Optimized Fusion of Audio-Video Archival Data in Mobile Environments via the DeepSeek Multimodal Algorithm
DOI:
https://doi.org/10.3991/ijim.v19i15.57101Keywords:
mobile environment, audio-video archival data fusion, DeepSeek multimodal algorithm, soft-threshold attention module, polarized loss functionAbstract
With the widespread adoption of mobile intelligent devices and the rapid development of 5G technology, audio-video archival data have been increasingly utilized in mobile scenarios, requiring more advanced multimodal fusion capabilities to support intelligent and mobile archival management. However, limitations in mobile device computing power, unstable network conditions, and challenges posed by the spatiotemporal asynchrony and semantic heterogeneity of audio and video data have rendered traditional fusion approaches inadequate in balancing accuracy with low-power, real-time processing on mobile platforms. Existing models based on conventional machine learning or early deep learning architectures have limited the ability to address the fragmentation and asynchrony of multimodal data in mobile environments. Therefore, a DeepSeek-based multimodal algorithm tailored for mobile contexts was proposed in this study. The approach focuses on the design of a soft-threshold attention module, the formulation of a polarized loss function, and the construction of a lightweight fusion network architecture.

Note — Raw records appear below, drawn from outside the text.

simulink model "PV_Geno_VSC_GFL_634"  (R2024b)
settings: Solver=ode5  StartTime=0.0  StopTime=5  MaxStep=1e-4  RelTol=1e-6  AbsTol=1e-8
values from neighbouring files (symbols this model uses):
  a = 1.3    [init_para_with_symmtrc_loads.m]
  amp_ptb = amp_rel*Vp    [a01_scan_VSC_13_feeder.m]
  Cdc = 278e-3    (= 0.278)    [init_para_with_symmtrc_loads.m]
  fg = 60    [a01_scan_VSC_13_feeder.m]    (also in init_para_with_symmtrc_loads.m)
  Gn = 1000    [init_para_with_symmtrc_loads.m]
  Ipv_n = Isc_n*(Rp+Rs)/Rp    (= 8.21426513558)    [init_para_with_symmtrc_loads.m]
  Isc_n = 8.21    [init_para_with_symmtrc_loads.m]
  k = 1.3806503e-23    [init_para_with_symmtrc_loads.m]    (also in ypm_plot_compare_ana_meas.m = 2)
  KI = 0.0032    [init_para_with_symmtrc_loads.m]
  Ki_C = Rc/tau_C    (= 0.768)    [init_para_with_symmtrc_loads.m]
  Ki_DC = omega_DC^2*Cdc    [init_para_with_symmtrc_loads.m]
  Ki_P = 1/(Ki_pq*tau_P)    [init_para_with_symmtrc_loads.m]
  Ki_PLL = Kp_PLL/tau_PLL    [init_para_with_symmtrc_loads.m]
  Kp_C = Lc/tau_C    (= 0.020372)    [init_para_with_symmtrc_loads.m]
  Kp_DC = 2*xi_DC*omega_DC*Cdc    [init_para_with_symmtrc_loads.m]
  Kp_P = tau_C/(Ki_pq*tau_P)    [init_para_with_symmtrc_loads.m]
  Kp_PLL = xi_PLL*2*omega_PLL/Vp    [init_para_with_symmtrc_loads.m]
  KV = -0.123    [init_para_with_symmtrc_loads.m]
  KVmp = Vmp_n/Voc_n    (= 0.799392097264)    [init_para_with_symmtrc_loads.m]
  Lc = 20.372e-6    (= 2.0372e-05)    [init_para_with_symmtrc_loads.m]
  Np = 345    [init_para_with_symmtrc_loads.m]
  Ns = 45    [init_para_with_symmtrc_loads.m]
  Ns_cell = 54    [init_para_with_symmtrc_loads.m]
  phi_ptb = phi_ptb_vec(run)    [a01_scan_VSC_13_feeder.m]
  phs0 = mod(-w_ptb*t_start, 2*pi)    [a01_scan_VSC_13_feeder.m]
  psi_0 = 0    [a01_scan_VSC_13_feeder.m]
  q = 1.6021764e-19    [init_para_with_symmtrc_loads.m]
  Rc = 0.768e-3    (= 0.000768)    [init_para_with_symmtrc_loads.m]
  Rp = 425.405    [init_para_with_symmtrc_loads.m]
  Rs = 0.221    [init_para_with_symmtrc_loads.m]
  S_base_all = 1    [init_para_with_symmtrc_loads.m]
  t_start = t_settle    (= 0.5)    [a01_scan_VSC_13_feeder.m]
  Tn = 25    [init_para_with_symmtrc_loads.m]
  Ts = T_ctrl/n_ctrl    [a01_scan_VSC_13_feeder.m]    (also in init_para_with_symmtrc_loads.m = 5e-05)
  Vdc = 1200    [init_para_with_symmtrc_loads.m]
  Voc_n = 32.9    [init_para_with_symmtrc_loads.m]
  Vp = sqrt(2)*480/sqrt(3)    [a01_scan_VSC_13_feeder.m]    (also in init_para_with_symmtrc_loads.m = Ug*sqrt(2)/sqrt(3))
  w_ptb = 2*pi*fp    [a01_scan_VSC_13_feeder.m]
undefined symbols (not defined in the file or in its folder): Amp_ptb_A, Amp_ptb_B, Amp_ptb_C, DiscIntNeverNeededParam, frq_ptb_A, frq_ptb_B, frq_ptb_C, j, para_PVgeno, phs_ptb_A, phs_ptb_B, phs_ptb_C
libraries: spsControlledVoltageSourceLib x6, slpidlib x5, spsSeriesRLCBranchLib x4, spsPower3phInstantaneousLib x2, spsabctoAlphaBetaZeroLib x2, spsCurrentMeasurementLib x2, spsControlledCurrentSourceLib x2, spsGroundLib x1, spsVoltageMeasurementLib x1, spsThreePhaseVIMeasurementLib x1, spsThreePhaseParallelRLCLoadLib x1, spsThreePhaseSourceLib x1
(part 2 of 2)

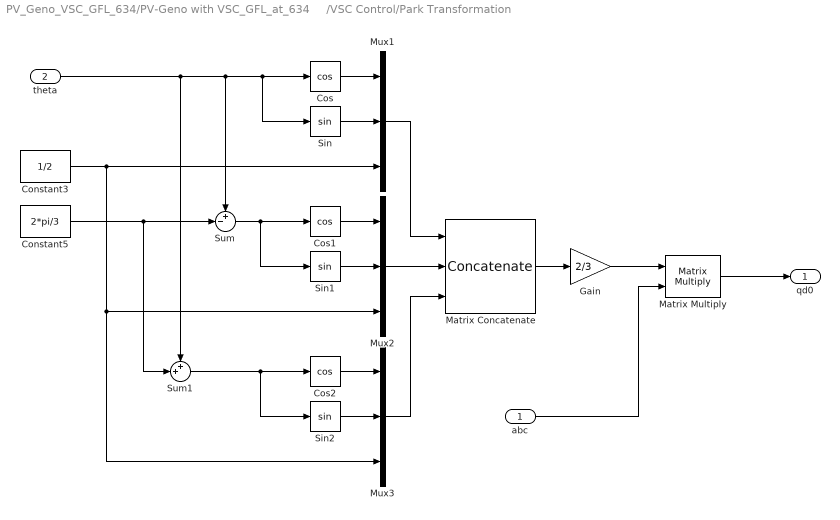
== system PV_Geno_VSC_GFL_634/PV-Geno with VSC_GFL_at_634     /VSC Control/Park Transformation ==
  abc : Inport
  theta : Inport  Port=2
  Constant3 : Constant  Value=1/2
  Constant5 : Constant  Value=2*pi/3
  Cos : Trigonometry  Operator=cos
  Cos1 : Trigonometry  Operator=cos
  Cos2 : Trigonometry  Operator=cos
  Gain : Gain  Gain=2/3
  Matrix Concatenate : Concatenate  NumInputs=3  Mode=Multidimensional array  ConcatenateDimension=2
  Matrix Multiply : Product  Multiplication=Matrix(*)
  Mux1 : Mux  Inputs=3
  Mux2 : Mux  Inputs=3
  Mux3 : Mux  Inputs=3
  Sin : Trigonometry
  Sin1 : Trigonometry
  Sin2 : Trigonometry
  Sum : Sum  Inputs=+-|
  Sum1 : Sum  Inputs=++|
  qd0 : Outport
  wires:
  Sum1/1 -> Sin2/1, Cos2/1
  abc/1 -> Matrix Multiply/2
  Cos/1 -> Mux1/1
  Gain/1 -> Matrix Multiply/1
  theta/1 -> Sum1/1, Sum/1, Cos/1, Sin/1
  Constant3/1 -> Mux3/3, Mux2/3, Mux1/3
  Sin2/1 -> Mux3/2
  Sin/1 -> Mux1/2
  Mux2/1 -> Matrix Concatenate/2
  Sum/1 -> Sin1/1, Cos1/1
  Cos2/1 -> Mux3/1
  Mux1/1 -> Matrix Concatenate/1
  Cos1/1 -> Mux2/1
  Mux3/1 -> Matrix Concatenate/3
  Sin1/1 -> Mux2/2
  Matrix Concatenate/1 -> Gain/1
  Matrix Multiply/1 -> qd0/1
  Constant5/1 -> Sum/2, Sum1/2

== system PV_Geno_VSC_GFL_634/PV-Geno with VSC_GFL_at_634     /VSC Control/Q Control ==
  Q_ref : Inport
  v_abc : Inport  Port=2
  i_abc : Inport  Port=3
  Mux1 : Mux  Inputs=2
  PID Controller3 : slpidlib/PID Controller  Controller=PI  Form=Parallel  TimeDomain=Discrete-time  UseExternalTs=off  SampleTime=Ts  IntegratorMethod=Forward Euler  FilterMethod=Forward Euler  ControllerParametersSource=internal  P=Kp_P  I=Ki_P  UseKiTs=off  D=0  UseExternalDerivativeSource=off  N=100  UseFilter=on  TunerSelectOption=Transfer Function Based (PID Tuner App)  InitialConditionSource=internal  InitialConditionForIntegrator=0  InitialConditionForFilter=0  DifferentiatorICPrevScaledInput=0  ExternalReset=none  TrackingMode=off  Kt=1  LimitOutput=off  SatLimitsSource=internal  UpperSaturationLimit=inf  LowerSaturationLimit=-inf  LinearizeAsGain=on  AntiWindupMode=none  Kb=1  LimitIntegrator=off  UpperIntegratorSaturationLimit=inf  LowerIntegratorSaturationLimit=-inf  POutMin=[]  POutMax=[]  IOutMin=[]  IOutMax=[]  DOutMin=[]  DOutMax=[]  NOutMin=[]  NOutMax=[]  SumOutMin=[]  SumOutMax=[]  SaturationOutMin=[]  SaturationOutMax=[]  PParamMin=[]  PParamMax=[]  IParamMin=[]  IParamMax=[]  DParamMin=[]  DParamMax=[]  NParamMin=[]  NParamMax=[]  KbParamMin=[]  KbParamMax=[]  KtParamMin=[]  KtParamMax=[]  KbOutMin=[]  KbOutMax=[]  KtOutMin=[]  KtOutMax=[]  IntegratorOutMin=[]  IntegratorOutMax=[]  FilterOutMin=[]  FilterOutMax=[]  SumI1OutMin=[]  SumI1OutMax=[]  SumI2OutMin=[]  SumI2OutMax=[]  SumI3OutMin=[]  SumI3OutMax=[]  SumI4OutMin=[]  SumI4OutMax=[]  SumDOutMin=[]  SumDOutMax=[]  DifferentiatorOutMin=[]  DifferentiatorOutMax=[]  FilterDiffOutCoefMin=[]  FilterDiffOutCoefMax=[]  ReciprocalOutMin=[]  ReciprocalOutMax=[]  SumDenOutMin=[]  SumDenOutMax=[]  SumNumOutMin=[]  SumNumOutMax=[]  DivideOutMin=[]  DivideOutMax=[]  UdiffTsProdOutMin=[]  UdiffTsProdOutMax=[]  NTsProdOutMin=[]  NTsProdOutMax=[]  UintegralTsProdOutMin=[]  UintegralTsProdOutMax=[]  UngainTsProdOutMin=[]  UngainTsProdOutMax=[]  ClampingZeroOutDataTypeStr=Inherit: Inherit via back propagation  ClampingZeroOutMin=[]  ClampingZeroOutMax=[]  FilterDenConstantOutDataTypeStr=Inherit: Inherit via back propagation  FilterDenConstantOutMin=[]  FilterDenConstantOutMax=[]  PCopyOutDataTypeStr=Inherit: Inherit via back propagation  PCopyOutMin=[]  PCopyOutMax=[]  NCopyOutDataTypeStr=Inherit: Inherit via back propagation  NCopyOutMin=[]  NCopyOutMax=[]  IntegratorContinuousStateAttributes=''  IntegratorStateMustResolveToSignalObject=off  IntegratorRTWStateStorageClass=Auto  FilterContinuousStateAttributes=''  FilterStateMustResolveToSignalObject=off  FilterRTWStateStorageClass=Auto  ParallelPVariant=InternalParameters  IdealPVariant=Disabled  IVariant=InternalParameters  DVariant=Disabled  IntegratorVariant=Discrete  SatVariant=Disabled  AWVariant=Passthrough  PCopyVariant=Disabled  TRVariant=Disabled  FdbkBlocksVariant=Forward  IdealPFdbkVariant=Disabled  SatFdbkVariant=Disabled  DerivativeFilterVariant=Disabled  NVariant=Disabled  NCopyVariant=Disabled_SignalSpec  FilterICVariant=Disabled  IntegratorICVariant=InternalICs  ExternalResetVariant=Disabled  TRSumVariant=Passthrough  SumFdbkVariant=Disabled  SumVariant=Sum_PI  TsampFilterVariant=InternalTs  TsampNgainVariant=Passthrough  TsampIntegralVariant=Disabled_SignalSpec  ExternalSaturationOutDataTypeStr=Inherit: Same as second input  DerivativeSourceVariant=Disabled  PreIntVariant=InternalPreInt
  "Power (3ph, Instantaneous)" : spsPower3phInstantaneousLib/Power (3ph, Instantaneous)
  Sum3 : Sum  Inputs=|+-
  id_ref : Outport
  PQ : Outport  Port=2
  tag scope: y_PI_QC=global
  wires:
  Q_ref/1 -> Sum3/1
  "Power (3ph, Instantaneous)"/1 -> Mux1/1
  Sum3/1 -> PID Controller3/1
  i_abc/1 -> "Power (3ph, Instantaneous)"/2
  v_abc/1 -> "Power (3ph, Instantaneous)"/1
  "Power (3ph, Instantaneous)"/2 -> Sum3/2, Mux1/2
  Mux1/1 -> PQ/1
  PID Controller3/1 -> [y_PI_QC], id_ref/1

== system PV_Geno_VSC_GFL_634/PV-Geno with VSC_GFL_at_634     /VSC Control/Current Control/Inverse Park Transformation ==
  qd0 : Inport
  theta : Inport  Port=2
  Constant2 : Constant
  Constant3 : Constant  Value=2*pi/3
  Cos : Trigonometry  Operator=cos
  Matrix Concatenate : Concatenate  NumInputs=3  Mode=Multidimensional array  ConcatenateDimension=2
  Matrix Multiply : Product  Multiplication=Matrix(*)
  Mux1 : Mux  Inputs=3
  Mux2 : Mux  Inputs=3
  Sin : Trigonometry
  Sum : Sum  Inputs=+-|
  Sum1 : Sum  Inputs=++|
  abc : Outport
  wires:
  Constant3/1 -> Sum/2, Sum1/2
  theta/1 -> Mux1/1, Sum1/1, Sum/1
  qd0/1 -> Matrix Multiply/2
  Sum/1 -> Mux1/2
  Sum1/1 -> Mux1/3
  Matrix Multiply/1 -> abc/1
  Mux2/1 -> Matrix Concatenate/3
  Matrix Concatenate/1 -> Matrix Multiply/1
  Mux1/1 -> Cos/1, Sin/1
  Cos/1 -> Matrix Concatenate/1
  Constant2/1 -> Mux2/2, Mux2/3, Mux2/1
  Sin/1 -> Matrix Concatenate/2

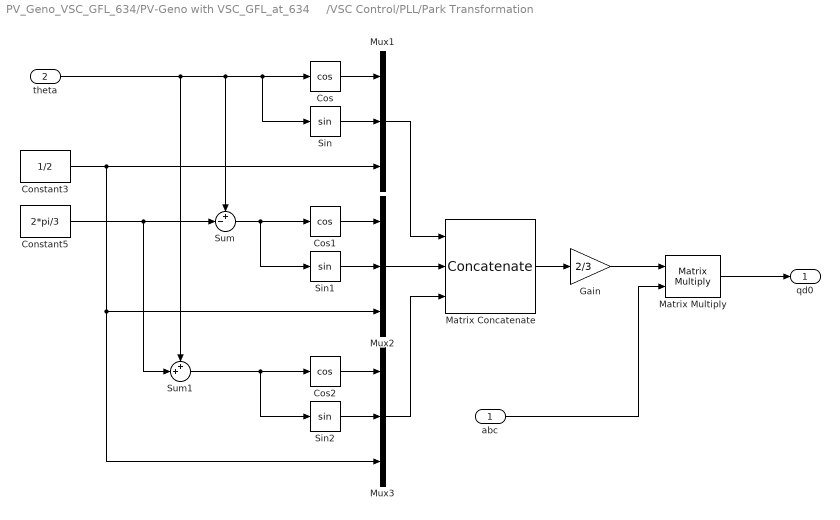
== system PV_Geno_VSC_GFL_634/PV-Geno with VSC_GFL_at_634     /VSC Control/PLL/Park Transformation ==
  abc : Inport
  theta : Inport  Port=2
  Constant3 : Constant  Value=1/2
  Constant5 : Constant  Value=2*pi/3
  Cos : Trigonometry  Operator=cos
  Cos1 : Trigonometry  Operator=cos
  Cos2 : Trigonometry  Operator=cos
  Gain : Gain  Gain=2/3
  Matrix Concatenate : Concatenate  NumInputs=3  Mode=Multidimensional array  ConcatenateDimension=2
  Matrix Multiply : Product  Multiplication=Matrix(*)
  Mux1 : Mux  Inputs=3
  Mux2 : Mux  Inputs=3
  Mux3 : Mux  Inputs=3
  Sin : Trigonometry
  Sin1 : Trigonometry
  Sin2 : Trigonometry
  Sum : Sum  Inputs=+-|
  Sum1 : Sum  Inputs=++|
  qd0 : Outport
  wires:
  Constant5/1 -> Sum1/2, Sum/2
  Matrix Multiply/1 -> qd0/1
  Matrix Concatenate/1 -> Gain/1
  Sin1/1 -> Mux2/2
  Mux3/1 -> Matrix Concatenate/3
  Cos1/1 -> Mux2/1
  Mux1/1 -> Matrix Concatenate/1
  Cos2/1 -> Mux3/1
  Sum/1 -> Cos1/1, Sin1/1
  Mux2/1 -> Matrix Concatenate/2
  Sin/1 -> Mux1/2
  Sin2/1 -> Mux3/2
  Constant3/1 -> Mux1/3, Mux2/3, Mux3/3
  theta/1 -> Sin/1, Cos/1, Sum/1, Sum1/1
  Gain/1 -> Matrix Multiply/1
  Cos/1 -> Mux1/1
  abc/1 -> Matrix Multiply/2
  Sum1/1 -> Cos2/1, Sin2/1

Dynamic cross-modal feature weighting was employed to optimize computational resource allocation, while the modified loss function enhanced semantic coupling. The network design was adapted to the constraints of mobile hardware to enable efficient and real-time fusion of multimodal data. The outcomes of this study provide a lightweight solution for processing complex audio-video archival data on mobile terminals, offering significant implications for improving archival resource utilization and promoting the integration of archival management with mobile computing technologies.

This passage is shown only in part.